Der Zeuge G. verfügt über Einkommen aus einer sozialversicherungspflichtigen Beschäftigung bei der F. AG, aus einer geringfügigen Beschäftigung bei der Firma I. GmbH, aus selbständiger Tätigkeit als Elektrotechniker, aus angeblicher Hausmeistertätigkeit bei der Vermieterin Frau W. (mietfreies Wohnen als Surrogat für Erwerbstätigkeit) sowie aus Vermietung. Zudem hat er Vermögen in Form von Grundbesitz in G-Stadt sowie einen PKW, dessen Wert dem Gericht nicht bekannt ist. Die genauen Einkommens- und Vermögenverhältnisse wurden gegenüber dem Antragsgegner und dem Gericht nicht offen gelegt. Im Rahmen der Zeugenvernehmung hat das Gericht davon abgesehen, den Zeugen G. hierzu detailliert zu befragen, da es nicht Aufgabe des Gerichts ist, Mitwirkungspflichten nach den §§ 60 ff. SGB I durch eine Zeugenvernehmung zu ersetzen. Festzuhalten ist, dass der Zeuge G. nach dem derzeitigen Stand als Mitglied der Bedarfsgemeinschaft zu werten ist und daher - falls weiterhin Leistungen nach dem SGB II begehrt werden - seine Einkommens- und Vermögensverhältnisse offen zu legen hat. Sollten die Antragsteller zu 1.-3. weiterhin Leistungen nach dem SGB II begehren, ist ihnen anzuraten, sich allein eine angemessene Wohnung zu suchen. Bereits in dem Erörterungstermin wurde die Antragstellerin zu 2. darauf hingewiesen, dass die Richtlinie für die Bemessung angemessener Unterkunftskosten für den Landkreis Darmstadt-Dieburg im Internet zu finden ist. Angemerkt sei, dass die angemessene Wohnfläche für 3 Personen bei 75 qm liegt (für jede weitere Person 10 qm mehr) und die angemessene Kaltmiete danach beispielsweise in A-Stadt monatlich 553,50 EUR zzgl. Neben- und Heizkosten beträgt.
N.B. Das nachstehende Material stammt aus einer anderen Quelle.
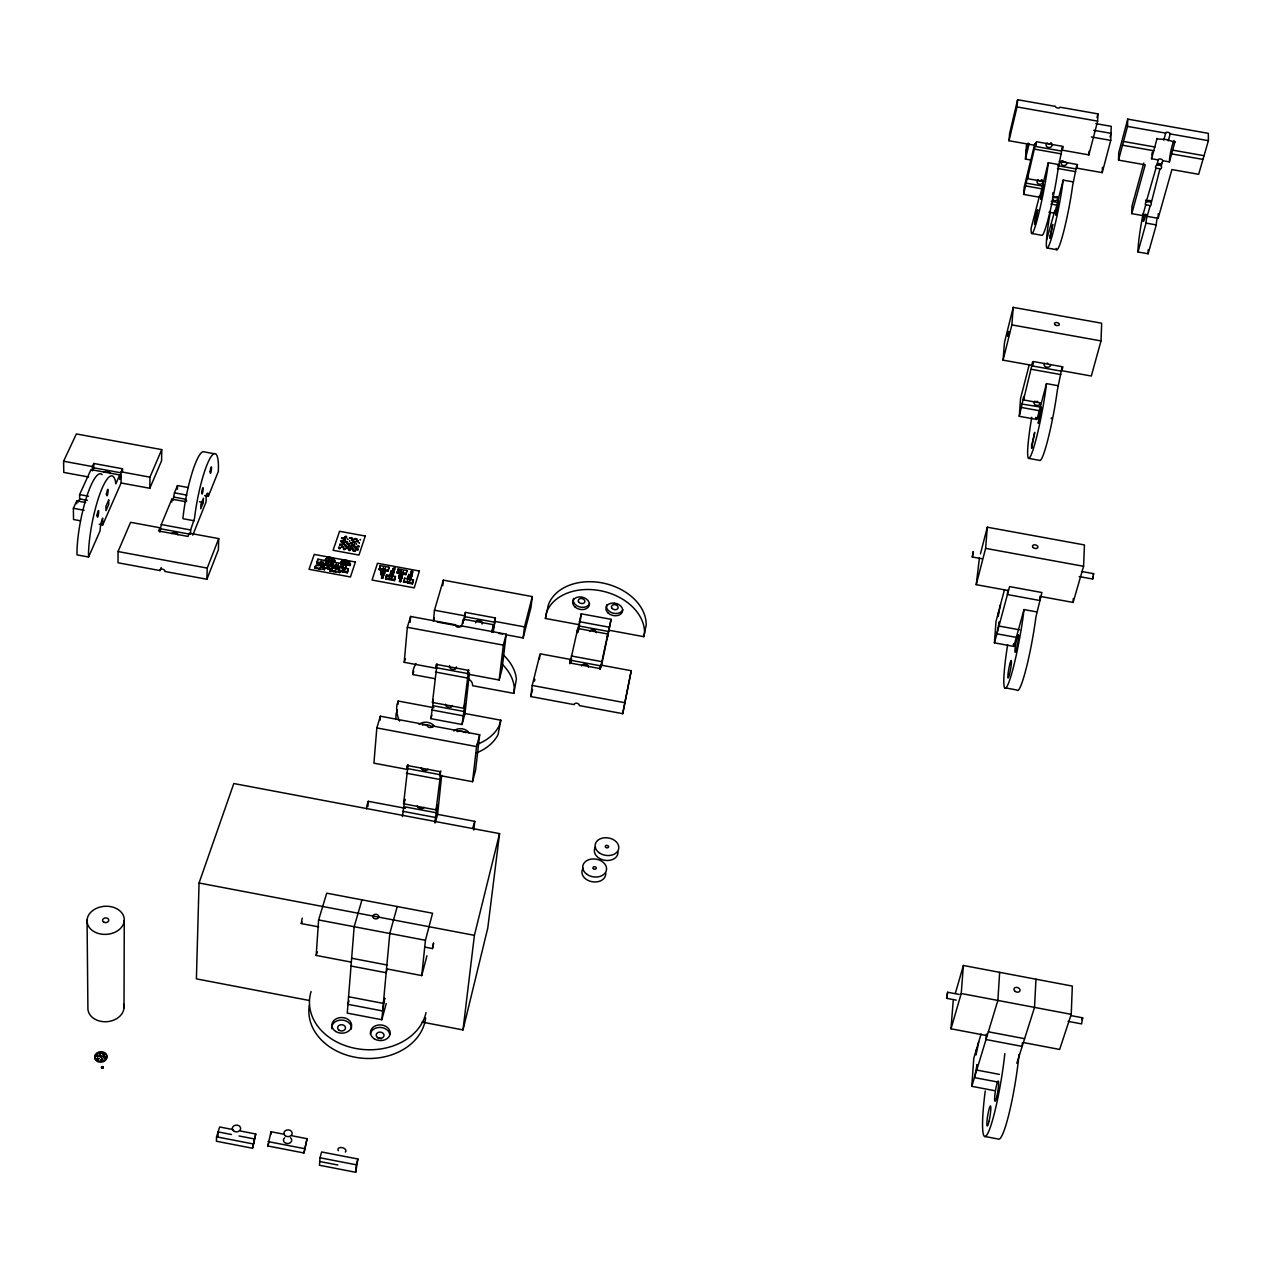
<?xml version="1.0" encoding="UTF-8"?>
<svg xmlns="http://www.w3.org/2000/svg" width="1272" height="1272" viewBox="0 0 1272 1272"><rect width="100%" height="100%" fill="white"/><g stroke="black" fill="none" stroke-linecap="round" stroke-linejoin="round"><path stroke-width="1.5" d="M118.042 551.555L118.026 562.78L159.97 570.572A2.544 1.813 20.9 0 1 162.466 569.156A2.544 1.813 20.9 0 1 164.915 571.478L206.923 579.269L218.387 549.774L218.736 538.613L189.321 533.175L188.018 536.418L158.587 530.965L159.938 527.753L130.571 522.315L118.042 551.555L207.225 568.091L218.736 538.613M78.228 502.09L79.659 498.926L79.611 494.57L90.948 469.622L119.775 474.933L119.759 479.274L121.126 476.189M99.216 524.255L102.698 524.907L121.11 482.994L121.126 471.848L122.494 468.764L93.746 463.469L92.347 466.538L92.379 470.894L93.778 467.81L93.746 463.469M122.494 471.658L122.494 468.764M124.004 1007.79L124.259 920.483A18.635 14.056 -3.6 0 0 97.117 908.049A18.635 14.056 -3.6 0 0 95.591 932.424A18.635 14.056 -3.6 0 0 124.259 920.483M401.332 573.243L400.521 578.076L401.364 572.972M410.506 575.818L410.935 574.054M401.634 573.879L402.715 574.244L400.648 581.702L399.503 581.495L400.394 576.216L400.632 577.329M121.11 482.994L149.826 488.273L149.937 477.143L161.735 449.62L76.368 433.943L63.6 461.243L63.775 472.421L88.611 477M1143.83 163.023L1131.969 206.207L1131.778 213.632L1142.765 215.588A2.242 1.224 14 0 1 1144.991 214.73A2.242 1.224 14 0 1 1147.153 216.367L1158.14 218.323L1158.204 213.76M159.938 527.753L159.875 532.109L161.274 524.541L171.847 499.117L186.046 501.725M161.735 449.62L161.592 460.718L149.826 488.273M171.799 502.011L171.847 499.117M173.071 500.309L174.455 492.836L177.476 485.57L188.065 487.51M177.412 489.275L177.476 485.57M204.633 495.603L208.354 496.287L218.339 471.419L218.466 465.727A49.195 8.777 -79.3 0 0 208.226 461.959A49.195 8.777 -79.3 0 0 194.536 518.26L190.625 529.963L190.514 534.304L161.21 528.882M314.613 568.25L314.629 567.869A5.024 3.641 18.4 0 1 319.574 565.436A5.024 3.641 18.4 0 1 324.36 569.458L314.613 568.25L314.884 567.105A5.024 3.641 18.4 0 1 319.829 564.673A5.024 3.641 18.4 0 1 324.614 568.695L324.344 570.047M203.313 502.52L203.425 498.179L200.897 504.475L200.785 508.8L203.313 502.52L199.45 501.804M323.724 566.628L324.281 564.275L333.089 565.913L332.58 568.314M1131.778 213.632L1145.213 164.835L1118.517 160.113L1118.74 152.783L1127.739 119.123L1208.321 133.337L1208.4 140.667L1204.043 155.693L1172.705 150.144L1174.978 141.542M206.923 579.269L207.225 568.091M422.129 1022.084L462.992 1029.923L487.764 928.083L499.562 833.621L233.81 783.536L199.052 882.991L196.397 978.868L309.255 1000.476M329.909 571.08L329.909 570.699A5.024 3.641 18.1 0 1 334.87 568.266A5.024 3.641 18.1 0 1 339.656 572.289L329.909 571.08L330.179 569.936A5.024 3.641 18.1 0 1 335.124 567.503A5.024 3.641 18.1 0 1 339.91 571.525L339.64 572.877M1157.043 138.378L1154.801 146.996L1123.51 141.462L1127.533 126.405L1127.739 119.123M1143.146 213.744A44.695 5.279 -78.8 0 0 1138.106 247.849L1137.979 251.967L1148.123 253.78L1148.234 249.662M1151.605 157.458L1151.558 158.746L1158.251 159.922A2.274 1.304 14.1 0 1 1159.937 158.936L1161.098 159.143A2.274 1.304 14.1 0 1 1162.703 160.717L1169.397 161.894L1169.429 160.622A12.164 1.479 -78.6 0 1 1174.024 140.572M1056.221 248.438A42.755 3.864 -79 0 0 1063.424 232.553A42.755 3.864 -79 0 0 1072.63 185.585L1076.748 165.36L1076.605 168.111L1102.22 172.642L1110.742 140.381L1111.235 126.341L1095.844 123.638M232.951 1129.568L219.659 1126.992L216.558 1136.85L216.399 1141.238L252.54 1148.25L255.751 1133.988L240.551 1131.047M217.957 1136.309L218.116 1131.921L231.425 1134.497M1101.011 340.912L1101.663 323.215L1013.212 307.363L1004.467 342.486L1003.067 360.135L1032.451 365.43L1033.452 361.55L1062.899 366.845L1061.866 370.724L1091.312 376.019L1101.011 340.912L1011.876 324.901L1013.212 307.363M1102.22 172.642L1102.427 167.332M1023.388 1042.547L1059.64 1049.448L1071.231 1014.341L1072.328 986.086L963.381 965.48L955.352 993.353M1040.782 596.504L1073.123 602.435L1083.585 566.294L1084.444 544.941L987.311 527.212L980.442 553.877M1158.14 218.323L1171.909 169.558L1198.653 174.296L1204.043 155.693M1097.641 121.142L1097.943 113.876L1059.989 107.198A2.274 1.193 12.5 0 1 1057.684 107.993A2.274 1.193 12.5 0 1 1055.522 106.403L1017.616 99.725L1009.618 133.496L1009.014 140.747L1035.615 145.453L1036.521 141.733L1063.169 146.439L1062.231 150.16L1088.88 154.882L1097.641 121.142L1017.028 106.928L1017.616 99.725M1073.123 602.435L1073.282 598.54M1088.88 154.882L1089.055 151.225M252.54 1148.25L255.751 1133.988M382.665 574.181L383.731 574.451L383.492 575.723L382.649 578.378L381.505 578.172C384.764 572.177 380.328 573.481 383.683 575.119C389.137 568.234 379.565 566.453 380.741 574.578L382.22 574.674L383.556 570.524M383.111 568.663L383.89 570.397M383.381 571.573L383.222 572.575L383.492 571.669M254.034 1143.305L254.257 1138.917L239.041 1135.96M1035.965 979.217L1034.534 1007.392L1016.821 1063.297M336.571 566.93L336.285 563.909M392.841 571.764L392.587 571.382M390.456 572.925L393.398 573.465L393.636 572.384L390.933 571.08C393.7 574.403 394.24 566.803 393.048 568.52C389.168 588.173 397.532 556.134 393.97 572.13L392.635 570.667M393.414 569.665L393.62 568.536L393.477 569.538M393.97 572.13L393.589 572.813M435.263 678.739L412.828 674.558L413.034 670.726A51.929 36.904 15.1 0 1 415.944 663.539M1169.397 161.894L1172.705 150.144M1022.37 1042.722L1022.179 1046.411L986.007 1039.526L986.372 1034.025M1028.46 458.333L1039.685 460.385A48.749 4.802 -79.4 0 0 1048.144 438.522A48.749 4.802 -79.4 0 0 1057.366 390.154L1062.056 367.258L1061.866 370.724M291.892 1135.769L307.077 1138.71L303.96 1152.973L267.82 1145.977L271 1131.73L284.292 1134.306M270.825 1134.656L271 1131.73M1039.924 596.298L1039.685 600.479L1007.424 594.549L1007.71 590.383M410.824 574.706L410.92 574.038M411.222 572.527L410.983 573.433L411.444 570.937L409.727 577.838L410.872 578.045L412.716 571.192L411.921 575.437L410.379 574.674M1031.942 233.523L1042.118 235.336A44.488 3.752 -79 0 0 1049.813 212.456A44.488 3.752 -79 0 0 1058.161 168.397L1062.406 147.314L1062.231 150.16M1151.558 158.746L1154.801 146.996M322.706 564.307C324.074 562.176 318.89 561.222 319.781 563.766L316.839 563.226L317.921 559.187L326.729 560.809L325.648 564.848L322.706 564.307L321.721 567.217M317.921 559.187L316.839 563.226M319.956 562.335L319.701 563.417L322.643 563.957L322.897 562.876M411.921 575.437L411.556 576.137M1048.939 212.17L1054.726 213.203L1054.901 210.421L1046.522 240.122M321.737 566.565L322.675 563.528L319.733 562.987L318.827 565.595M325.648 564.848L326.729 560.809M327.302 564.927L328.701 560.475L331.642 561.016L330.084 566.469L330.163 565.356L327.19 565.245M328.701 560.475L327.143 565.929M330.243 565.468L331.642 561.016M999.649 972.349L997.868 1000.444L971.808 1086.32L994.275 1090.613M335.22 565.15L335.029 566.581L332.103 566.04L333.169 562.001L341.977 563.639L340.912 567.678L337.97 567.137L338.161 565.706L335.108 565.484M333.169 562.001L332.103 566.04M334.965 566.231L337.907 566.787L335.188 565.579M337.016 569.395L337.939 566.358M1041.323 403.145L1023.531 399.933L1032.689 361.964L1032.451 365.43M1004.483 589.747L996.008 621.42L994.434 642.837L1013.848 646.415L1014.023 643.616M338.479 571.144L347.304 572.782L348.369 568.727L339.545 567.105L339.036 569.506M340.912 567.678L341.977 563.639M345.428 568.187L342.486 567.646M351.342 962.141L316.187 955.431L318.604 919.942L326.729 893.167L432.56 913.248L425.436 940.278L421.748 975.576L386.529 968.851M342.406 568.743L343.472 564.704L346.382 565.674L343.472 564.704M343.663 564.482L343.949 563.289L346.89 563.846L345.348 569.3L346.413 565.245M343.949 563.289L342.899 567.296M303.96 1152.973L307.077 1138.71M346.604 565.022L346.89 563.846M347.304 572.782L348.369 568.727M382.824 569.713L383.365 567.551M976.419 1049.511L976.037 1054.933L978.693 1041.975M1057.875 385.67L1046.474 383.619L1036.998 419.506L1019.285 416.31L1023.769 396.451L1023.531 399.933M1118.517 160.113L1123.51 141.462M971.808 1086.32L973.78 1058.256L981.094 1033.977M1019.285 416.31L1020.542 398.486L1029.175 364.953M998.425 612.404L998.123 616.538L1000.492 604.645M1043.612 181.514L1027.49 178.652L1035.821 142.623L1035.615 145.453M320.019 1157.774L319.463 1165.247L355.683 1172.275L357.893 1158.999L321.641 1151.971L320.019 1157.774L356.335 1164.818L355.683 1172.275M381.505 578.172L382.236 573.704L382.013 574.721M382.649 578.378C383.842 574.07 384.176 569.427 383.985 569.824M1027.49 178.652L1027.712 175.806L1023.642 194.425L1039.685 197.287L1048.303 162.721L1058.622 164.549M332.024 569.951L327.858 569.188L326.888 567.853M987.183 1035.662L950.995 1028.794L961.235 993.496L963.381 965.48M1030.892 160.018L1025.423 159.048L1026.488 145.024M1023.642 194.425L1024.198 187.079L1034.756 143.816M104.797 1054.043L104.352 1055.029M408.423 582.433L407.263 581.94M98.898 1058.717L97.435 1059.799L97.308 1058.161M100.87 1053.28L100.186 1054.377M101.378 1067.081C101.696 1070.579 104.924 1065.697 102.062 1066.699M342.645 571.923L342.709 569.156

In Anbetracht dieser Erwägungen ist ein Anordnungsanspruch nicht glaubhaft gemacht worden. Ein Anordnungsgrund ist ebenso nicht glaubhaft gemacht worden, zumal die Antragstellerin zu 2. vorrangig gehalten ist, bei der Antragstellung auf Unterhaltsvorschuss mitzuwirken und sich weiterhin um Arbeit (möglichst in Vollzeit, da die Kinder bereits 12 und 15 Jahre alt sind) zu bemühen. Vor diesem Hintergrund ist der Erlass einer einstweiligen Anordnung gemäß § 86b Abs. 2 Satz 2 SGG nicht gerechtfertigt.
Die Kostenentscheidung beruht auf einer entsprechenden Anwendung des § 193 SGG und folgt dem Ausgang des Verfahrens.